# FR: manquer de / obtenir de + infinitif



## Emmski

Bonjour,
 
Je suis en train d’apprendre les prépositions qui convient les verbes, particulièrement le formule en suivant :
 
Verbe + de + infinitif
 
Généralement, c’est facile, mais j’ai trouvé quelques exemples un peu déroutants, d’autant plus qu’ils ne se traduisent pas simplement en Anglais. Les exemples en suivant sont le plus difficile -  
 
Manquer de + infinitif
 
Obtenir de + infinitif
 
Je comprends ‘manquer de + nom’, comme ‘Je manque de temps’ (en Anglais – I lack the time), et ‘obtenir de + nom’, comme ‘J’ai obtenu des messages’ (I have received some messages), mais je ne peux pas traduire les exemples au dessus. 
 
Est-ce que quelqu’un pourrait m’aider, s’il vous plaît ? 
 
Merci


----------



## linguist786

quelles exemples?


----------



## pieanne

Il faudrait vraiment des phrases exemples...

J'utilie plutôt "obtenir" avec un nom...
Pour "manquer", je peux dire "Il a manqué de tomber" (he almost fell), but I think it's very Belgian, not really French...


----------



## Emmski

ça c'est le problème, je n'ai aucune exemples, seulement un livre qui contstate qu'on peut dire 'manquer/obtenir + de + l'infinitif'.


----------



## pieanne

Oui...

Il a obtenu de faire son internat à Paris?

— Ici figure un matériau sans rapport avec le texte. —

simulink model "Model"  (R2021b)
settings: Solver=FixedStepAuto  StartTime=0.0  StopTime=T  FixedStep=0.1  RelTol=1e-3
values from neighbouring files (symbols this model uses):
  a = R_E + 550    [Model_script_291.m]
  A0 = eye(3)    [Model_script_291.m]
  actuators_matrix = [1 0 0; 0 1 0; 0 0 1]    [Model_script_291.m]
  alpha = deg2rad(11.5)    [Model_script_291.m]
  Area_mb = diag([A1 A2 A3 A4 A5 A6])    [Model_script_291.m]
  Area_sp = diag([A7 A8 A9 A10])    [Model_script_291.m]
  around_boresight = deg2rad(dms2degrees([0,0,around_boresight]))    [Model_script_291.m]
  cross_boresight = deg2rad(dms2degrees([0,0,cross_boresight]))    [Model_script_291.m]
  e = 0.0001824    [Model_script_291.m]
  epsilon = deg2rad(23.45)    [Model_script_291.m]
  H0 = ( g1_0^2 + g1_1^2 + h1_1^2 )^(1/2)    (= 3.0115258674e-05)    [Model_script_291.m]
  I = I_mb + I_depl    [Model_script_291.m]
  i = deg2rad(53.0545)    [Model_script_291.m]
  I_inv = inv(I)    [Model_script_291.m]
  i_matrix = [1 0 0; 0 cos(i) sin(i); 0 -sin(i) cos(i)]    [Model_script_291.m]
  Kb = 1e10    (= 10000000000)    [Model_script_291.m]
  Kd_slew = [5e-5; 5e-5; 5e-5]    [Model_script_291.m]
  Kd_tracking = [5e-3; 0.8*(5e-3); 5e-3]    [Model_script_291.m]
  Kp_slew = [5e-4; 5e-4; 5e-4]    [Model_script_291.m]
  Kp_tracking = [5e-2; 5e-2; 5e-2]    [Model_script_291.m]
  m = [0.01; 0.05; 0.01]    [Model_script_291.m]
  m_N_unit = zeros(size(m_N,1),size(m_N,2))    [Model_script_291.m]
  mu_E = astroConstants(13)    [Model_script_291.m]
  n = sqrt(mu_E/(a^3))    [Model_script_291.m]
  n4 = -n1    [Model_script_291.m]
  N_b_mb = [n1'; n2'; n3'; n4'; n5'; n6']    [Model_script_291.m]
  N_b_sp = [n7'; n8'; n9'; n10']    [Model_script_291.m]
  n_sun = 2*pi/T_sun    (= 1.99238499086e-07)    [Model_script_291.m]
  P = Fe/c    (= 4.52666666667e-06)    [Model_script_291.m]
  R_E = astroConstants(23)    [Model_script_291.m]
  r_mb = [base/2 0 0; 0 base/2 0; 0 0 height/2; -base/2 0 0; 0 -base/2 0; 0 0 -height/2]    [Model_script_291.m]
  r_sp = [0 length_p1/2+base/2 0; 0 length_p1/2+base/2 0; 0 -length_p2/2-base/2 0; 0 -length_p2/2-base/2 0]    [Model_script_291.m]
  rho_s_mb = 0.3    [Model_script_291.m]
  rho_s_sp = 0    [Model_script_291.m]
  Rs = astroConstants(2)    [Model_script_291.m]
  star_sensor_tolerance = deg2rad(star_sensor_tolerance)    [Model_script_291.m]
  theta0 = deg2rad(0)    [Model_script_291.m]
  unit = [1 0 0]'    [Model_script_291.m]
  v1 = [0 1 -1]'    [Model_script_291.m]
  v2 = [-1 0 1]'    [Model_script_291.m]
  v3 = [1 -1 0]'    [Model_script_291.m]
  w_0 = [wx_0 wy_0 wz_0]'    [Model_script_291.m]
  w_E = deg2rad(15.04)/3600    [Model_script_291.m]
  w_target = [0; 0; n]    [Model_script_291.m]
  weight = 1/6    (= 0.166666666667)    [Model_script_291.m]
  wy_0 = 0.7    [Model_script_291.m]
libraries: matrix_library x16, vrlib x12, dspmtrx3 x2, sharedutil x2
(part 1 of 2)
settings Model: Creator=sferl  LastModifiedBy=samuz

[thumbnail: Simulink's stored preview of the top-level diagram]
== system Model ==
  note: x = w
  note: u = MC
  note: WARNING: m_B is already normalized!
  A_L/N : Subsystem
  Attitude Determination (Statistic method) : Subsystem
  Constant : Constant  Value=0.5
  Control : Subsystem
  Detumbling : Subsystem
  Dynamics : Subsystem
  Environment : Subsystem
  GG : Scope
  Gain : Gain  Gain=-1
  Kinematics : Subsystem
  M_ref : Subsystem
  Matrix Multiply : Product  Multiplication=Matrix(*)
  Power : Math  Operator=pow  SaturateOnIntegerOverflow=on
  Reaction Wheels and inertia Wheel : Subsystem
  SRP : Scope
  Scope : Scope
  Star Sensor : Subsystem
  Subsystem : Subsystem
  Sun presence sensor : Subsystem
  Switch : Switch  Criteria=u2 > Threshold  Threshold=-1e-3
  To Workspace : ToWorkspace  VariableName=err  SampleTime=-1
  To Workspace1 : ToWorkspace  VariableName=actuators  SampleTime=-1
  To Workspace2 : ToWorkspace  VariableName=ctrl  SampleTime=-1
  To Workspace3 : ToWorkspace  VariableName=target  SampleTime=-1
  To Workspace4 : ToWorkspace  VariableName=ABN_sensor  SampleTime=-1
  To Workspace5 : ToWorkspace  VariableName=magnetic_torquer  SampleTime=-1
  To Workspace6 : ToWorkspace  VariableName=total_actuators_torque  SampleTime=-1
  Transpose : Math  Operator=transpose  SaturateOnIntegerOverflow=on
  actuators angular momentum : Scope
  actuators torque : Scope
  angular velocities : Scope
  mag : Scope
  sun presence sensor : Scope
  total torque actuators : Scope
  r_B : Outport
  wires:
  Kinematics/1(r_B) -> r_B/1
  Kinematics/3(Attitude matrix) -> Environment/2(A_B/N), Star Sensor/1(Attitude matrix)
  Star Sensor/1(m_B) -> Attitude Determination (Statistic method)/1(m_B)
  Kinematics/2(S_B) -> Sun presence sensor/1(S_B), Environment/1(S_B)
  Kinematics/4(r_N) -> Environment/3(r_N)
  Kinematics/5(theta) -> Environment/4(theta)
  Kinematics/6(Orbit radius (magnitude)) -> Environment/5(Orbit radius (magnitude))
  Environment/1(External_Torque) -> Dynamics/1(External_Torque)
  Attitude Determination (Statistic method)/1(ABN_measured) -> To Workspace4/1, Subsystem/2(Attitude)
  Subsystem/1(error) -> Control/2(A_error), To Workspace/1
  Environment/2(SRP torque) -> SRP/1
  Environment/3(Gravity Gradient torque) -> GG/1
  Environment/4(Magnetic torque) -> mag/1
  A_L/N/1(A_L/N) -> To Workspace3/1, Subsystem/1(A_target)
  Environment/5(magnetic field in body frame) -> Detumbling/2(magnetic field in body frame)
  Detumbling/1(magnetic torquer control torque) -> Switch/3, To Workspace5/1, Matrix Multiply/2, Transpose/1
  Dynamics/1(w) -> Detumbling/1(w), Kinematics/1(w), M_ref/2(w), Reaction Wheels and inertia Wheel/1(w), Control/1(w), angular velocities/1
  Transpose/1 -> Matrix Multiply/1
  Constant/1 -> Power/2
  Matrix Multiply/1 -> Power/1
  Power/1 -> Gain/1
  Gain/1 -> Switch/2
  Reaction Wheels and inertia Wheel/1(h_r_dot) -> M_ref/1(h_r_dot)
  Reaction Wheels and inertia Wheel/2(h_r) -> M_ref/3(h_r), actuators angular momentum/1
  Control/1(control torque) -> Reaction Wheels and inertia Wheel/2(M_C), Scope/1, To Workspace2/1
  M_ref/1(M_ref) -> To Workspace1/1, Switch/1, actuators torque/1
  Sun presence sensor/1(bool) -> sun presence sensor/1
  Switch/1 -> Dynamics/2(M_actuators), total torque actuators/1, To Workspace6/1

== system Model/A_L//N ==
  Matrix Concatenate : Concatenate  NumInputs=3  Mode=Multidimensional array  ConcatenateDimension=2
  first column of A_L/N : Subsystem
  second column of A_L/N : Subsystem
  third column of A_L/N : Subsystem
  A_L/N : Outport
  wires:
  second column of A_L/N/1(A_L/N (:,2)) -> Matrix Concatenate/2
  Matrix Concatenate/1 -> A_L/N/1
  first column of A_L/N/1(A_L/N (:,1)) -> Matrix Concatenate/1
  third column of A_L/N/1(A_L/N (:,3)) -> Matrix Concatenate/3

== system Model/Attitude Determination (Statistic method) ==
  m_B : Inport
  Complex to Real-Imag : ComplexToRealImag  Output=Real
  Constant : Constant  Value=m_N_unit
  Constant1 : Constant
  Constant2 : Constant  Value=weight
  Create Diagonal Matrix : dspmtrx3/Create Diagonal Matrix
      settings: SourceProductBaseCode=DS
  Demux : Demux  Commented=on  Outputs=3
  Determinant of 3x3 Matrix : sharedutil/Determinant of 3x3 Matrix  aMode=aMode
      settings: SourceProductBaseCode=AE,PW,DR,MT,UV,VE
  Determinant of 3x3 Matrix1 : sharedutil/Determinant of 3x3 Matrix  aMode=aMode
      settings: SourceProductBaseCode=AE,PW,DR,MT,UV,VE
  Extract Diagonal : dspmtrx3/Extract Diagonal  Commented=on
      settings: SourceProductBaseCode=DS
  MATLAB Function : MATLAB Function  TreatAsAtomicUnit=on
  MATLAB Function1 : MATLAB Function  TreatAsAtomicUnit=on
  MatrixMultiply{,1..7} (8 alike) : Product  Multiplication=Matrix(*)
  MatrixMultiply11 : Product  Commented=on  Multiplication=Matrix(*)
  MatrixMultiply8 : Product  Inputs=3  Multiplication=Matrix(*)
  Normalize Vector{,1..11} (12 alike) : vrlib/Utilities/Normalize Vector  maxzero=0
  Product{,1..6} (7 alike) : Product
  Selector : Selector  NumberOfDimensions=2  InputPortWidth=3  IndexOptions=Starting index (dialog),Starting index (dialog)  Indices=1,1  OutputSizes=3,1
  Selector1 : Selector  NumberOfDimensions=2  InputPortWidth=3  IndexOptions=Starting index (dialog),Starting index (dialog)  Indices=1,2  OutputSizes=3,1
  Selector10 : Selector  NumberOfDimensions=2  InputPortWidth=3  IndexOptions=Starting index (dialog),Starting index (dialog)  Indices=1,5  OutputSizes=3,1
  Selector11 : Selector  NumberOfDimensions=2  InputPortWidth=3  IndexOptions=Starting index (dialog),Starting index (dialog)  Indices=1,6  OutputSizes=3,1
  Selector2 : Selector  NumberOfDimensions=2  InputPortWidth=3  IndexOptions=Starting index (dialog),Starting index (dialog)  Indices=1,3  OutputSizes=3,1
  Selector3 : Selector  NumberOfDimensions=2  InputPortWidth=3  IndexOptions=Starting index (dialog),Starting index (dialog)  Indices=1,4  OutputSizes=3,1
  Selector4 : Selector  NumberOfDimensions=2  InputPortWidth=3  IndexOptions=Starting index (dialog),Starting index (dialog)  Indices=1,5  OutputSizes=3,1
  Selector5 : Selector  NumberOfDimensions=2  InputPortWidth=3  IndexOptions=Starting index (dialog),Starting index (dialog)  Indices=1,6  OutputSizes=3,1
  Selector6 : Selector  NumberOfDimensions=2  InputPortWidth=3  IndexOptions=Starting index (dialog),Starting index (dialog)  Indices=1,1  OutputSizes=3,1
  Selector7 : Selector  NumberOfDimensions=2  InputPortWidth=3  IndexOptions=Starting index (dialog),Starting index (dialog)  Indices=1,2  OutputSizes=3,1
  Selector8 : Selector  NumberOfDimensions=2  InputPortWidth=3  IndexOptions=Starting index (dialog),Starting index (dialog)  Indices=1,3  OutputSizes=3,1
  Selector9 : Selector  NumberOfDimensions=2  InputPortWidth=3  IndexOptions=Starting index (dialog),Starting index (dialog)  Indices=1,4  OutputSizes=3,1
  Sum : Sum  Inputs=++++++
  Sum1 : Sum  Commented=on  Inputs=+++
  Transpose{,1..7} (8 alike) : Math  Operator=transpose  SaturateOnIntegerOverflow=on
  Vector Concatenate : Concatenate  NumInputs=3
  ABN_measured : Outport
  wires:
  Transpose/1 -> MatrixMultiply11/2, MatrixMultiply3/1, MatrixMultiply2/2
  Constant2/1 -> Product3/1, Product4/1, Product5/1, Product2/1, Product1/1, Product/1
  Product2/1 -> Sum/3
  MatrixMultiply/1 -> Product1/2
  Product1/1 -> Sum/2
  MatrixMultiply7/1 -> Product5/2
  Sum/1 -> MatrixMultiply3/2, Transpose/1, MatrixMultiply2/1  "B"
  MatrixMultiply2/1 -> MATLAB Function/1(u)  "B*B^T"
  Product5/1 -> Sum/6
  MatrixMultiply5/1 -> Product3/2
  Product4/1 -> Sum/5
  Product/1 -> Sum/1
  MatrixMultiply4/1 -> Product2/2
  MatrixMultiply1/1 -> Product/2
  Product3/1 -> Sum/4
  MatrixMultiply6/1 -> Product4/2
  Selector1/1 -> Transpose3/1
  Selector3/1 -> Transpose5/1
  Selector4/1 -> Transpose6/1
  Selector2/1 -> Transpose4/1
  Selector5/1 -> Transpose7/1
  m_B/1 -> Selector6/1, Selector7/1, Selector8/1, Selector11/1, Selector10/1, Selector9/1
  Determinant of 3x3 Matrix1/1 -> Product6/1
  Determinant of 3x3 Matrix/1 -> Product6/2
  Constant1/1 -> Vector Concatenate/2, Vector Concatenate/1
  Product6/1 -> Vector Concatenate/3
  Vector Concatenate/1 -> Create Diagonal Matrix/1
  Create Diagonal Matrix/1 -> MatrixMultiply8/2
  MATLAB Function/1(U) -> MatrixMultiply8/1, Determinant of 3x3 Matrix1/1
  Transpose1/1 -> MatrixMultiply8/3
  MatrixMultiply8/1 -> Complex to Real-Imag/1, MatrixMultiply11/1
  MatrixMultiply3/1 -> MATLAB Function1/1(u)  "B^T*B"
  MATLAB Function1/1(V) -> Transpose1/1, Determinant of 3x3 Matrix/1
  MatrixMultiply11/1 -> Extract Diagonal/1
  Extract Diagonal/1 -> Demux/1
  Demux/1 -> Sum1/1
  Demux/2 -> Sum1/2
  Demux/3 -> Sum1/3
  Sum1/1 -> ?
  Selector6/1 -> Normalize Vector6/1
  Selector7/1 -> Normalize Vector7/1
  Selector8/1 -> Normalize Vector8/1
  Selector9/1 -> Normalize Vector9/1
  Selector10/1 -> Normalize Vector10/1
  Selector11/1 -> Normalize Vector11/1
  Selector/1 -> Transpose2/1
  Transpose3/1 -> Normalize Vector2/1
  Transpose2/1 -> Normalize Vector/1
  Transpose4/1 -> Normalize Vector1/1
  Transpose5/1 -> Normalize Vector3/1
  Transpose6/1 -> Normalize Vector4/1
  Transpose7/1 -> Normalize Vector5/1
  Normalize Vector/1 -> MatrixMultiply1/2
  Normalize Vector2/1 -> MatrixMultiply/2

Pour "manquer", à part ce que je t'ai dit, je n'ai pas d'idée.


----------



## Emmski

Merci!
est-ce qu'on peut dire 'il a manqué de faire n'importe quoi, pas seulement 
il a manqué de tombé?


----------



## pieanne

In Belgian I would say "il a manqué de tomb*er*", but the French would say "Il a failli tomber"


----------



## carolineR

en français de France, on dirait il a manqué tomber (pas de tomber) = il a failli tomber
ou
il a manqué se blesser
c'est un peu littéraire mais c'est parfaitement correct

il a obtenu de + V infinitif = il a l'obtenu (l'autorisation de )
ex : il a obtenu de rester coucher
elle obtiendra (de son père) d'utiliser sa voiture
ils ont obtenu de partir ensemble


----------



## Emmski

merci pieanne.


----------



## marget

Emmski said:
			
		

> ça c'est le problème, je n'ai aucune exemples, seulement un livre qui contstate qu'on peut dire 'manquer/obtenir + de + l'infinitif'.


J'ai trouvé quelques exemples pour manquer:
Ne manquez pas de le remercier pour moi - Don't forget to thank him for me, be sure to thank him for me

Je  ne manquerai pas de le lui dire. - I'll be sure to tell him

Nous ne manquerons pas de vous en informer - We shall inform you without fail
Ça ne va pas manquer d'arriver - It's bound to happen

Obtenir de faire quelque chose veut dire "to manage or to get to do something"

J'ai trouvé un exemple dans mon dictionnaire "Il obtint de lui parler" - He was (finally) allowed to speak to him


----------



## pieanne

Ah oui! Super, Marget!!!


----------



## Emmski

merci - les exemples m'ont bien aidé


----------



## pieanne

Peut-être "manquer de" s'emploie à la forme négative? "Ne manquez pas de..." - "Je n'ai pas manqué de ..."


----------



## marget

pieanne said:
			
		

> Ah oui! Super, Marget!!!


Merci, Pieanne.  Je suis très heureuse d'avoir obtenu de trouver quelques exemples et je ne manquerai pas d'en chercer d'autres


----------



## Emmski

par exemple...je ne manquerai pas de vous dire que 'vous êtes tous super pour m'aider!'


----------



## carolineR

'vous êtes tous super pour m'aider!' = pas tout à fait correct
vous êtes tous super de m'avoir aidé !


----------



## Emmski

cool! merci carolineR


----------